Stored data
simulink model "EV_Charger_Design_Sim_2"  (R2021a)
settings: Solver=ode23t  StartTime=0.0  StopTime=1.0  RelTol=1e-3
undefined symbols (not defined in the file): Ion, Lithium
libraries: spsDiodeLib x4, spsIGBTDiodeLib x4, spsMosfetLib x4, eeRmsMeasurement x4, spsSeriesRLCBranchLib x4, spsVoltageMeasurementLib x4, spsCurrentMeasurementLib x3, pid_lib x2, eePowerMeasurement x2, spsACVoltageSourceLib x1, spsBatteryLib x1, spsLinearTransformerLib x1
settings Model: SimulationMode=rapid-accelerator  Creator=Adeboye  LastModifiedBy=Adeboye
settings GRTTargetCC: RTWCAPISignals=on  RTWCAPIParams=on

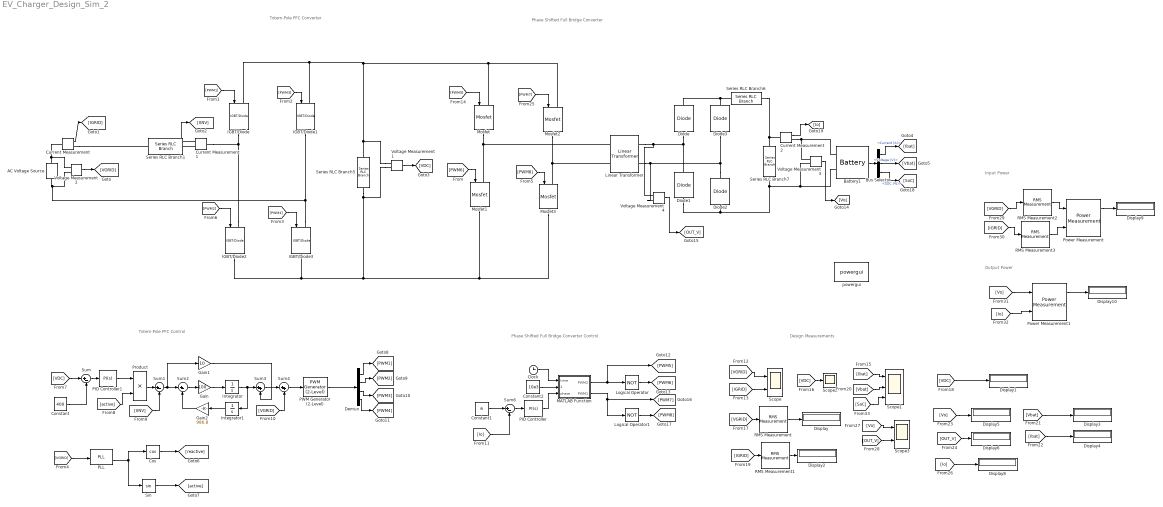
== system EV_Charger_Design_Sim_2 ==
  note: Output Power
  note: Design Measurements
  note: Totem-Pole PFC Control
  note: Phase Shifted Full Bridge Converter Control
  note: Phase Shifted Full Bridge Converter
  note: Totem-Pole PFC Converter
  note: Input Power
  AC Voltage Source : spsACVoltageSourceLib/AC Voltage Source  Amplitude=120*sqrt(2)  Phase=0  Frequency=60  SampleTime=0  Measurements=None  BusType=swing  Pref=10e3  Qref=0  Qmin=-inf  Qmax=+inf
  Battery1 : spsBatteryLib/Battery  BatType=Lithium-Ion  ShowTempParam=off  ThermalPreset=no  ShowAgeParam=off  NomV=340  NomQ=169  SOC=50  Batt_Tr=1  PresetModel=on  MaxQ=169  MinV=255  FullV=395.7556  Dis_rate=73.4783  R=0.020118  Normal_OP=152.8348  expZone="[367.3312      8.303043]"  current=[6.5 13 32.5]  Units=Time  Tci=20  NomT=20  T2=-30  MaxQ2=4.8  FullV2=7.1  Normal_OP2=5.655  expZone2="[6.58           1]"  Rca=0.6  ti=2000  Dp=0  Neq0=0  Tsim=1e6  Ta1=25  Qeol=5.4*0.9  Reol=0.013333*1.2  Char_age=[2.3478, 3]  Dis_age=[2.3478, 10]  N1=1500  N2=10500  N3=1000  N4=1400  Ta2=45  N5=950
  Bus Selector : BusSelector  OutputSignals=Current (A),Voltage (V),SOC (%)
  Clock : Clock
  Constant : Constant  Value=400
  Constant1 : Constant  Value=6
  Constant2 : Constant  Value=10e3
  Cos : Trigonometry  Operator=cos
  Current Measurement : spsCurrentMeasurementLib/Current Measurement  PhasorSimulation=off  OutputType=Complex  PSBequivalent=0
  Current Measurement1 : spsCurrentMeasurementLib/Current Measurement  PhasorSimulation=off  OutputType=Complex  PSBequivalent=0
  Current Measurement2 : spsCurrentMeasurementLib/Current Measurement  PhasorSimulation=off  OutputType=Complex  PSBequivalent=0
  Demux : Demux
  Diode{,1..3} (4 alike) : spsDiodeLib/Diode  Ron=0.001  Lon=0  Vf=0.8  IC=0  UseSnubber=0  Rs=500  Cs=250e-9  Measurements=off
  Display{,1..6,8..10} (10 alike) : Display
  Gain : Gain  Gain=100
  Gain1 : Gain  Gain=10
  Gain2 : Gain  Gain=986.8
  IGBT/Diode{,1..3} (4 alike) : spsIGBTDiodeLib/IGBT//Diode  Ron=1e-3  Rs=1e5  Cs=inf  Measurements=off
  Integrator : Integrator
  Integrator1 : Integrator
  Linear Transformer : spsLinearTransformerLib/Linear Transformer  UNITS=SI  NominalPower=[2400 60 ]  winding1=[400 4.3218e-9 0.45856e-9]  winding2=[410 0.7938e-9 0.084225e-9]  ThreeWindings=off  winding3=[3.15e+05 0.7938 0.084225]  RmLm=[1.0804e+06 2866]  Measurements=None  DataType=on
  Logical Operator : Logic  Operator=NOT  AllPortsSameDT=off  OutDataTypeStr=boolean
  Logical Operator1 : Logic  Operator=NOT  AllPortsSameDT=off  OutDataTypeStr=boolean
  MATLAB Function : MATLAB Function  TreatAsAtomicUnit=on
  Mosfet{,1..3} (4 alike) : spsMosfetLib/Mosfet  Ron=0.1  Lon=0  Rd=0.01  Vfd=0  IC=0  Rs=1e5  Cs=inf  Measurements=off
  PID Controller : pid_lib/PID Controller  Controller=PI  Form=Parallel  TimeDomain=Continuous-time  UseExternalTs=off  SampleTime=-1  IntegratorMethod=Forward Euler  FilterMethod=Forward Euler  ControllerParametersSource=internal  P=50000  I=5000  D=0  UseFilter=on  N=100  TunerSelectOption=Transfer Function Based (PID Tuner App)  InitialConditionSource=internal  InitialConditionForIntegrator=0  InitialConditionForFilter=0  DifferentiatorICPrevScaledInput=0  ExternalReset=none  TrackingMode=off  Kt=1  LimitOutput=on  SatLimitsSource=internal  UpperSaturationLimit=180  LowerSaturationLimit=-inf  LinearizeAsGain=on  AntiWindupMode=none  Kb=1  POutMin=[]  POutMax=[]  IOutMin=[]  IOutMax=[]  DOutMin=[]  DOutMax=[]  NOutMin=[]  NOutMax=[]  SumOutMin=[]  SumOutMax=[]  SaturationOutMin=[]  SaturationOutMax=[]  PParamMin=[]  PParamMax=[]  IParamMin=[]  IParamMax=[]  DParamMin=[]  DParamMax=[]  NParamMin=[]  NParamMax=[]  KbParamMin=[]  KbParamMax=[]  KtParamMin=[]  KtParamMax=[]  KbOutMin=[]  KbOutMax=[]  KtOutMin=[]  KtOutMax=[]  IntegratorOutMin=[]  IntegratorOutMax=[]  FilterOutMin=[]  FilterOutMax=[]  SumI1OutMin=[]  SumI1OutMax=[]  SumI2OutMin=[]  SumI2OutMax=[]  SumI3OutMin=[]  SumI3OutMax=[]  SumI4OutMin=[]  SumI4OutMax=[]  SumDOutMin=[]  SumDOutMax=[]  DifferentiatorOutMin=[]  DifferentiatorOutMax=[]  FilterDiffOutCoefMin=[]  FilterDiffOutCoefMax=[]  ReciprocalOutMin=[]  ReciprocalOutMax=[]  SumDenOutMin=[]  SumDenOutMax=[]  SumNumOutMin=[]  SumNumOutMax=[]  DivideOutMin=[]  DivideOutMax=[]  UdiffTsProdOutMin=[]  UdiffTsProdOutMax=[]  NTsProdOutMin=[]  NTsProdOutMax=[]  UintegralTsProdOutMin=[]  UintegralTsProdOutMax=[]  UngainTsProdOutMin=[]  UngainTsProdOutMax=[]  IntegratorContinuousStateAttributes=''  IntegratorStateMustResolveToSignalObject=off  IntegratorRTWStateStorageClass=Auto  FilterContinuousStateAttributes=''  FilterStateMustResolveToSignalObject=off  FilterRTWStateStorageClass=Auto  ParallelPVariant=InternalParameters  IdealPVariant=Disabled  IVariant=InternalParameters  DVariant=Disabled  IntegratorVariant=Continuous  SatVariant=Enabled  AWVariant=Passthrough  PCopyVariant=Disabled  TRVariant=Disabled  FdbkBlocksVariant=Forward  IdealPFdbkVariant=Disabled  SatFdbkVariant=Disabled  DerivativeFilterVariant=Disabled  NVariant=Disabled  NCopyVariant=Disabled_SignalSpec  FilterICVariant=Disabled  IntegratorICVariant=InternalICs  ExternalResetVariant=Disabled  TRSumVariant=Passthrough  SumFdbkVariant=Disabled  SumVariant=Sum_PI  TsampFilterVariant=InternalTs  TsampNgainVariant=Passthrough  TsampIntegralVariant=Passthrough  ExternalSaturationOutDataTypeStr=Inherit: Same as second input
  PID Controller1 : pid_lib/PID Controller  Controller=PI  Form=Parallel  TimeDomain=Continuous-time  UseExternalTs=off  SampleTime=-1  IntegratorMethod=Forward Euler  FilterMethod=Forward Euler  ControllerParametersSource=internal  P=1  I=10  D=0  UseFilter=on  N=100  TunerSelectOption=Transfer Function Based (PID Tuner App)  InitialConditionSource=internal  InitialConditionForIntegrator=0  InitialConditionForFilter=0  DifferentiatorICPrevScaledInput=0  ExternalReset=none  TrackingMode=off  Kt=1  LimitOutput=off  SatLimitsSource=internal  UpperSaturationLimit=inf  LowerSaturationLimit=-inf  LinearizeAsGain=on  AntiWindupMode=none  Kb=1  POutMin=[]  POutMax=[]  IOutMin=[]  IOutMax=[]  DOutMin=[]  DOutMax=[]  NOutMin=[]  NOutMax=[]  SumOutMin=[]  SumOutMax=[]  SaturationOutMin=[]  SaturationOutMax=[]  PParamMin=[]  PParamMax=[]  IParamMin=[]  IParamMax=[]  DParamMin=[]  DParamMax=[]  NParamMin=[]  NParamMax=[]  KbParamMin=[]  KbParamMax=[]  KtParamMin=[]  KtParamMax=[]  KbOutMin=[]  KbOutMax=[]  KtOutMin=[]  KtOutMax=[]  IntegratorOutMin=[]  IntegratorOutMax=[]  FilterOutMin=[]  FilterOutMax=[]  SumI1OutMin=[]  SumI1OutMax=[]  SumI2OutMin=[]  SumI2OutMax=[]  SumI3OutMin=[]  SumI3OutMax=[]  SumI4OutMin=[]  SumI4OutMax=[]  SumDOutMin=[]  SumDOutMax=[]  DifferentiatorOutMin=[]  DifferentiatorOutMax=[]  FilterDiffOutCoefMin=[]  FilterDiffOutCoefMax=[]  ReciprocalOutMin=[]  ReciprocalOutMax=[]  SumDenOutMin=[]  SumDenOutMax=[]  SumNumOutMin=[]  SumNumOutMax=[]  DivideOutMin=[]  DivideOutMax=[]  UdiffTsProdOutMin=[]  UdiffTsProdOutMax=[]  NTsProdOutMin=[]  NTsProdOutMax=[]  UintegralTsProdOutMin=[]  UintegralTsProdOutMax=[]  UngainTsProdOutMin=[]  UngainTsProdOutMax=[]  IntegratorContinuousStateAttributes=''  IntegratorStateMustResolveToSignalObject=off  IntegratorRTWStateStorageClass=Auto  FilterContinuousStateAttributes=''  FilterStateMustResolveToSignalObject=off  FilterRTWStateStorageClass=Auto  ParallelPVariant=InternalParameters  IdealPVariant=Disabled  IVariant=InternalParameters  DVariant=Disabled  IntegratorVariant=Continuous  SatVariant=Disabled  AWVariant=Passthrough  PCopyVariant=Disabled  TRVariant=Disabled  FdbkBlocksVariant=Forward  IdealPFdbkVariant=Disabled  SatFdbkVariant=Disabled  DerivativeFilterVariant=Disabled  NVariant=Disabled  NCopyVariant=Disabled_SignalSpec  FilterICVariant=Disabled  IntegratorICVariant=InternalICs  ExternalResetVariant=Disabled  TRSumVariant=Passthrough  SumFdbkVariant=Disabled  SumVariant=Sum_PI  TsampFilterVariant=InternalTs  TsampNgainVariant=Passthrough  TsampIntegralVariant=Passthrough  ExternalSaturationOutDataTypeStr=Inherit: Same as second input
  PLL : spsPLLLib/PLL  Fmin=45  Par_Init=[0, 60]  ParK=[180, 3200, 1]  TcD=1e-6  MaxRateChangeFreq=12  FilterCutOffFreq=25  Ts=0  AGC=off
      settings: SourceProductBaseCode=PS
  PWM Generator (2-Level) : spsPWMGenerator2LevelLib/PWM Generator (2-Level)  ModulatorType=Single-phase full-bridge (4 pulses)  ModulatorMode=Unsynchronized  Fc=10000  Pc=90  nF=27  MinMax="[ -1  1 ]"  SamplingTechnique=Natural  ModulatingSignals=off  m=0.8  Freq=60  Phase=0  Ts=0  ShowCarrierOutport=off
  Power Measurement : eePowerMeasurement/Power Measurement  LabelModeActiveChoice=Continuous  F=60  K=[0 1 2 3]  Ts=0
      settings: SourceProductBaseCode=PS
  Power Measurement1 : eePowerMeasurement/Power Measurement  LabelModeActiveChoice=Continuous  F=60  K=[0 1 2 3]  Ts=0
      settings: SourceProductBaseCode=PS
  Product : Product  RndMeth=Zero
  RMS Measurement{,1..3} (4 alike) : eeRmsMeasurement/RMS Measurement  LabelModeActiveChoice=Total  F=60  SpecifyHarmonics=off  K=[0 1 2]  Ts=0
      settings: SourceProductBaseCode=PS
  Scope : Scope  NumInputPorts=2
  Scope1 : Scope  NumInputPorts=3
  Scope2 : Scope
  Scope3 : Scope  NumInputPorts=2
  Series RLC Branch1 : spsSeriesRLCBranchLib/Series RLC Branch  LConnTagsString=__new0  RConnTagsString=__new0  BranchType=L  Resistance=1  Inductance=2.86e-3  SetiL0=off  InitialCurrent=0  Capacitance=1e-6  Setx0=off  InitialVoltage=0  Measurements=None
  Series RLC Branch5 : spsSeriesRLCBranchLib/Series RLC Branch  LConnTagsString=__new0  RConnTagsString=__new0  BranchType=C  Resistance=0.0001  Inductance=1e-3  SetiL0=off  InitialCurrent=0  Capacitance=828.9e-6  Setx0=on  InitialVoltage=400  Measurements=None
  Series RLC Branch6 : spsSeriesRLCBranchLib/Series RLC Branch  LConnTagsString=__new0  RConnTagsString=__new0  BranchType=L  Resistance=0.0001  Inductance=406.7e-6  SetiL0=off  InitialCurrent=0  Capacitance=5600e-6  Setx0=on  InitialVoltage=400  Measurements=None
  Series RLC Branch7 : spsSeriesRLCBranchLib/Series RLC Branch  LConnTagsString=__new0  RConnTagsString=__new0  BranchType=C  Resistance=0.0001  Inductance=20e-3  SetiL0=off  InitialCurrent=0  Capacitance=14.64e-6  Setx0=off  InitialVoltage=400  Measurements=None
  Sin : Trigonometry
  Sum{,1..2,6} (4 alike) : Sum  Inputs=|+-
  Sum3 : Sum  Inputs=|++
  Sum4 : Sum  Inputs=|++
  Voltage Measurement{1..4} (4 alike) : spsVoltageMeasurementLib/Voltage Measurement  PhasorSimulation=off  OutputType=Complex  PSBequivalent=0
  powergui : spspowerguiLib/powergui  SimulationMode=Discrete  SampleTime=1e-6  frequency=60  Iterations=50  frequencyindice=0  Pbase=100e6  ErrMax=1e-4  UnitsV=kV  UnitsW=MW  buscounter=0  FunctionMessages=off  echomessages=off  EnableUseOfTLC=off  CurrentSourceSwitches=off  DisableSnubberDevices=off  DisableRonSwitches=off  DisableVfSwitches=off  DisplayEquations=off  AutomaticDiscreteSolvers=off  SolverType=Tustin/Backward Euler (TBE)  Interpol=off  ExternalGateDelay=off  methode=off  Ts=0  x0status=blocks  SPID=off  SwTol=0  HookPort=off  NonlinearTolerance=1e-4  nMaxIteration=100  ContinueOnMaxIteration=off  RestoreLinks=warning  ResistiveCurrentMeasurement=off  Frange=[0:2:500]  Ylog=off  Xlog=on  ShowGrid=off  save=off  variable=ZData  structure=0  ZoomFFT=on  StartTime=0.0  cycles=1  DisplayStyle=1  fundamental=60  FreqAxis=off  MaxFrequency=1000  frequencyindicesteady=1  RmsSteady=1  display=off
  wires:
  Current Measurement2/1 -> [Io]
  [Io] -> Display8/1
  MATLAB Function/2(PWM1) -> Logical Operator1/1, [PWM7]
  PID Controller/1 -> MATLAB Function/3(phase)
  MATLAB Function/1(PWM2) -> [PWM5], Logical Operator/1
  Voltage Measurement4/1 -> [OUT_V]
  Clock/1 -> MATLAB Function/1(time)
  Constant1/1 -> Sum6/1
  [Io] -> Sum6/2
  Constant2/1 -> MATLAB Function/2(frequency)
  Logical Operator1/1 -> [PWM8]
  [PWM8] -> Mosfet3/1
  Integrator1/1 -> Gain2/1
  Bus Selector/2 -> [Vbat]  "<Voltage (V)>"
  [PWM3] -> IGBT/Diode1/1
  Gain2/1 -> Sum2/2
  RMS Measurement1/1 -> Display2/1
  [VGRID] -> Scope/1
  [PWM7] -> Mosfet2/1
  [Vo] -> Display5/1
  [OUT_V] -> Display6/1
  Sum6/1 -> PID Controller/1
  Bus Selector/1 -> [Ibat]  "<Current (A)>"
  [VDC] -> Sum/1
  Sum2/1 -> Gain/1
  [Vbat] -> Display3/1
  [Ibat] -> Display4/1
  Sum3/1 -> Sum4/1
  [PWM6] -> Mosfet1/1
  Demux/3 -> [PWM3]
  [PWM1] -> IGBT/Diode/1
  [IGRID] -> Scope/2
  [Vbat] -> Scope1/2
  PLL/2 -> Sin/1, Cos/1
  Battery1/1 -> Bus Selector/1
  [VDC] -> Display1/1
  [VGRID] -> PLL/1
  Voltage Measurement2/1 -> [VGRID]
  Demux/4 -> [PWM4]
  Integrator/1 -> Sum3/1, Integrator1/1
  [PWM2] -> IGBT/Diode2/1
  Voltage Measurement3/1 -> [Vo]
  Current Measurement1/1 -> [IINV]
  RMS Measurement/1 -> Display/1
  [IINV] -> Sum1/2
  [VDC] -> Scope2/1
  [IGRID] -> RMS Measurement1/1
  [Ibat] -> Scope1/1
  [PWM4] -> IGBT/Diode3/1
  Cos/1 -> [reactive]
  Sum/1 -> PID Controller1/1
  Sum4/1 -> PWM Generator (2-Level)/1
  [PWM5] -> Mosfet/1
  Gain1/1 -> Sum3/2
  [VGRID] -> Sum4/2
  [active] -> Product/2
  Demux/2 -> [PWM2]
  Product/1 -> Sum1/1
  Demux/1 -> [PWM1]
  Constant/1 -> Sum/2
  Sum1/1 -> Sum2/1, Gain1/1
  Gain/1 -> Integrator/1
  Voltage Measurement1/1 -> [VDC]
  Current Measurement/1 -> [IGRID]
  Logical Operator/1 -> [PWM6]
  PWM Generator (2-Level)/1 -> Demux/1
  [VGRID] -> RMS Measurement/1
  Sin/1 -> [active]
  PID Controller1/1 -> Product/1
  [Vo] -> Power Measurement1/1
  RMS Measurement2/1 -> Power Measurement/1
  Power Measurement1/1 -> Display10/1
  [Io] -> Power Measurement1/2
  [IGRID] -> RMS Measurement3/1
  [VGRID] -> RMS Measurement2/1
  RMS Measurement3/1 -> Power Measurement/2
  [Vo] -> Scope3/1
  [OUT_V] -> Scope3/2
  Power Measurement/1 -> Display9/1
  Bus Selector/3 -> [SoC]  "<SOC (%)>"
  [SoC] -> Scope1/3
  connections:
  Voltage Measurement3/LConn1 -- Battery1/LConn1 -- Current Measurement2/RConn1
  Diode3/RConn1 -- Diode/RConn1 -- Series RLC Branch6/RConn1
  Voltage Measurement3/LConn2 -- Battery1/LConn2 -- Diode1/LConn1 -- Diode2/LConn1 -- Series RLC Branch7/RConn1
  Linear Transformer/RConn1 -- Voltage Measurement4/LConn1 -- Diode1/RConn1 -- Diode/LConn1
  IGBT/Diode3/LConn1 -- Voltage Measurement2/LConn2 -- AC Voltage Source/LConn1 -- IGBT/Diode1/RConn1
  Voltage Measurement1/LConn2 -- Series RLC Branch5/RConn1 -- Mosfet3/RConn1 -- Mosfet1/RConn1 -- IGBT/Diode2/RConn1 -- IGBT/Diode3/RConn1
  Diode2/RConn1 -- Voltage Measurement4/LConn2 -- Linear Transformer/RConn2 -- Diode3/LConn1
  Current Measurement/RConn1 -- Series RLC Branch1/LConn1
  Current Measurement2/LConn1 -- Series RLC Branch7/LConn1 -- Series RLC Branch6/LConn1
  Voltage Measurement1/LConn1 -- Series RLC Branch5/LConn1 -- Mosfet2/LConn1 -- Mosfet/LConn1 -- IGBT/Diode/LConn1 -- IGBT/Diode1/LConn1
  Mosfet2/RConn1 -- Linear Transformer/LConn2 -- Mosfet3/LConn1
  Mosfet/RConn1 -- Linear Transformer/LConn1 -- Mosfet1/LConn1
  Voltage Measurement2/LConn1 -- AC Voltage Source/RConn1 -- Current Measurement/LConn1
  IGBT/Diode2/LConn1 -- IGBT/Diode/RConn1 -- Current Measurement1/LConn1
  Current Measurement1/RConn1 -- Series RLC Branch1/RConn1

== matlab function EV_Charger_Design_Sim_2/MATLAB Function ==
  data: time input; PWM2 output; frequency input; phase input; PWM1 output
function [PWM2, PWM1] = fcn(time, frequency, phase)
T_switching = 1/frequency;
PWM1 = 0;
PWM2 = 0;
x = mod(time,T_switching);
if x < T_switching/2
    PWM1 = 1;
end
t_phi = T_switching*phase/360;
y = mod(time+t_phi, T_switching);
if y < T_switching/2
    PWM2 = 1;
end

◆ EXERCISE DIRECTIONS: Go over the entries above and tally the lines holding "LabelModeActiveChoice"; please answer with the number alone.

◆ EXPECTED OUTPUT: 3